Work to complete:
Leave the images behind and copy every record exactly.
(Beginning of Information given)
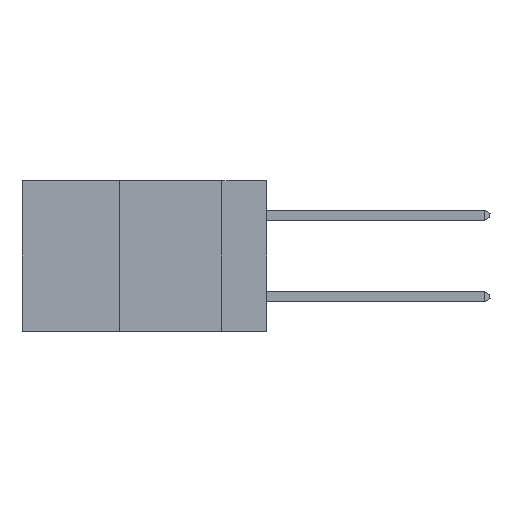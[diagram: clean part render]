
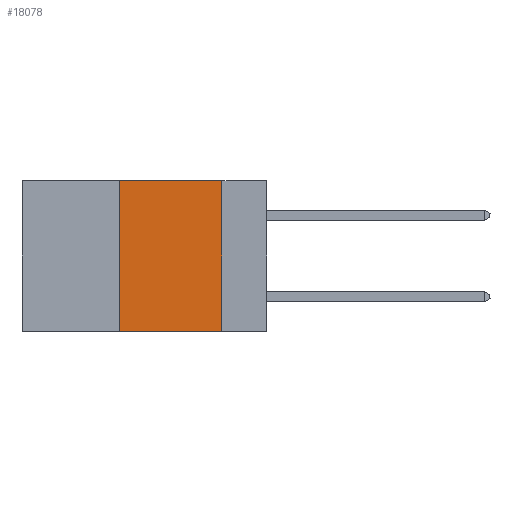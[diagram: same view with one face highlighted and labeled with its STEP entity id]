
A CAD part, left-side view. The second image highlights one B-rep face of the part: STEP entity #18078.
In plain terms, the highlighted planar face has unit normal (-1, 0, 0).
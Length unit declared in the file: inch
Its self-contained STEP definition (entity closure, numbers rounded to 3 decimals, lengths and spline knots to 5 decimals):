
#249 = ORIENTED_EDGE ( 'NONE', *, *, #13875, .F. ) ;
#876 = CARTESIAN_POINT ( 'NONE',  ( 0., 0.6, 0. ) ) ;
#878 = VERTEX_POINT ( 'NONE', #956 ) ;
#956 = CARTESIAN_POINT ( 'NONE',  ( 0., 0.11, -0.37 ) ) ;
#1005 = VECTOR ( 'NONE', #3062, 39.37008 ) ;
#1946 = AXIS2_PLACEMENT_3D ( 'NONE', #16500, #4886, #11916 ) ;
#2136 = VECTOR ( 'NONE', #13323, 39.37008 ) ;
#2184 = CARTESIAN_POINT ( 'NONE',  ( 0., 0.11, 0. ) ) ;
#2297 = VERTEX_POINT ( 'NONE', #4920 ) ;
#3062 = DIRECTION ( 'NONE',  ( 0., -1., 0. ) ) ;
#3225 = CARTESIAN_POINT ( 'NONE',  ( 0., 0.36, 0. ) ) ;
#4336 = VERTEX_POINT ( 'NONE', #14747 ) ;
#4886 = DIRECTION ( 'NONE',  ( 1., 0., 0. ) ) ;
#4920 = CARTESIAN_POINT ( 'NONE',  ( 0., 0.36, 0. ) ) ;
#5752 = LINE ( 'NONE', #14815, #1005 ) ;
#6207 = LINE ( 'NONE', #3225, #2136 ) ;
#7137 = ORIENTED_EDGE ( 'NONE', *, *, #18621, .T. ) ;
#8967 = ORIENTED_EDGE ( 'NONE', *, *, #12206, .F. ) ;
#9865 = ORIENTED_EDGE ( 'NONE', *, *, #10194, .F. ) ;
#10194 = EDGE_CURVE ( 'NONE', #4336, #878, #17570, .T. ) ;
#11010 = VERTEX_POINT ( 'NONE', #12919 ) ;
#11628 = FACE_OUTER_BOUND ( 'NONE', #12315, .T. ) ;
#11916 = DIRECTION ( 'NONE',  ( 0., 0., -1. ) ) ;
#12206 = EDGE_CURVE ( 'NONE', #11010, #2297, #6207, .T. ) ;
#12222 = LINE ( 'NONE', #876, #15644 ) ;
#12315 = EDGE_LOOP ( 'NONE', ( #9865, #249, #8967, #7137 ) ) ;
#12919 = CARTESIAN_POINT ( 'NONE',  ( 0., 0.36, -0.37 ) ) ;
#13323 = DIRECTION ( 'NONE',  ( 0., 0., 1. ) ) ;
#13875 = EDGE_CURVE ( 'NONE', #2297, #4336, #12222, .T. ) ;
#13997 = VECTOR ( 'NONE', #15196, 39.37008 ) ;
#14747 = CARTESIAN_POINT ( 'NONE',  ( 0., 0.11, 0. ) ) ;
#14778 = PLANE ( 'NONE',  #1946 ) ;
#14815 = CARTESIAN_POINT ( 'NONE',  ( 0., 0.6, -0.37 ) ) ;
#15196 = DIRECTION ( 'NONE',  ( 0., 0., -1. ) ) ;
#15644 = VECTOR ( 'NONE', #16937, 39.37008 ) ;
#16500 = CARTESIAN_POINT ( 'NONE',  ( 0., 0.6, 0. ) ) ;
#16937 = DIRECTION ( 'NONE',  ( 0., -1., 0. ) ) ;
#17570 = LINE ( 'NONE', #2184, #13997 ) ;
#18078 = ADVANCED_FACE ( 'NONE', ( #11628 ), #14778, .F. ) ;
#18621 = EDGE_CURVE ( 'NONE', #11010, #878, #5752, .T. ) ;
(End of Information given)
Answer area:
[diagram: clean part render]
[diagram: same view with one face highlighted and labeled with its STEP entity id]
A CAD part, left-side view. The second image highlights one B-rep face of the part: STEP entity #18078.
In plain terms, the highlighted planar face has unit normal (-1, 0, 0).
Length unit declared in the file: inch
Its self-contained STEP definition (entity closure, numbers rounded to 3 decimals, lengths and spline knots to 5 decimals):
#249 = ORIENTED_EDGE ( 'NONE', *, *, #13875, .F. ) ;
#876 = CARTESIAN_POINT ( 'NONE',  ( 0., 0.6, 0. ) ) ;
#878 = VERTEX_POINT ( 'NONE', #956 ) ;
#956 = CARTESIAN_POINT ( 'NONE',  ( 0., 0.11, -0.37 ) ) ;
#1005 = VECTOR ( 'NONE', #3062, 39.37008 ) ;
#1946 = AXIS2_PLACEMENT_3D ( 'NONE', #16500, #4886, #11916 ) ;
#2136 = VECTOR ( 'NONE', #13323, 39.37008 ) ;
#2184 = CARTESIAN_POINT ( 'NONE',  ( 0., 0.11, 0. ) ) ;
#2297 = VERTEX_POINT ( 'NONE', #4920 ) ;
#3062 = DIRECTION ( 'NONE',  ( 0., -1., 0. ) ) ;
#3225 = CARTESIAN_POINT ( 'NONE',  ( 0., 0.36, 0. ) ) ;
#4336 = VERTEX_POINT ( 'NONE', #14747 ) ;
#4886 = DIRECTION ( 'NONE',  ( 1., 0., 0. ) ) ;
#4920 = CARTESIAN_POINT ( 'NONE',  ( 0., 0.36, 0. ) ) ;
#5752 = LINE ( 'NONE', #14815, #1005 ) ;
#6207 = LINE ( 'NONE', #3225, #2136 ) ;
#7137 = ORIENTED_EDGE ( 'NONE', *, *, #18621, .T. ) ;
#8967 = ORIENTED_EDGE ( 'NONE', *, *, #12206, .F. ) ;
#9865 = ORIENTED_EDGE ( 'NONE', *, *, #10194, .F. ) ;
#10194 = EDGE_CURVE ( 'NONE', #4336, #878, #17570, .T. ) ;
#11010 = VERTEX_POINT ( 'NONE', #12919 ) ;
#11628 = FACE_OUTER_BOUND ( 'NONE', #12315, .T. ) ;
#11916 = DIRECTION ( 'NONE',  ( 0., 0., -1. ) ) ;
#12206 = EDGE_CURVE ( 'NONE', #11010, #2297, #6207, .T. ) ;
#12222 = LINE ( 'NONE', #876, #15644 ) ;
#12315 = EDGE_LOOP ( 'NONE', ( #9865, #249, #8967, #7137 ) ) ;
#12919 = CARTESIAN_POINT ( 'NONE',  ( 0., 0.36, -0.37 ) ) ;
#13323 = DIRECTION ( 'NONE',  ( 0., 0., 1. ) ) ;
#13875 = EDGE_CURVE ( 'NONE', #2297, #4336, #12222, .T. ) ;
#13997 = VECTOR ( 'NONE', #15196, 39.37008 ) ;
#14747 = CARTESIAN_POINT ( 'NONE',  ( 0., 0.11, 0. ) ) ;
#14778 = PLANE ( 'NONE',  #1946 ) ;
#14815 = CARTESIAN_POINT ( 'NONE',  ( 0., 0.6, -0.37 ) ) ;
#15196 = DIRECTION ( 'NONE',  ( 0., 0., -1. ) ) ;
#15644 = VECTOR ( 'NONE', #16937, 39.37008 ) ;
#16500 = CARTESIAN_POINT ( 'NONE',  ( 0., 0.6, 0. ) ) ;
#16937 = DIRECTION ( 'NONE',  ( 0., -1., 0. ) ) ;
#17570 = LINE ( 'NONE', #2184, #13997 ) ;
#18078 = ADVANCED_FACE ( 'NONE', ( #11628 ), #14778, .F. ) ;
#18621 = EDGE_CURVE ( 'NONE', #11010, #878, #5752, .T. ) ;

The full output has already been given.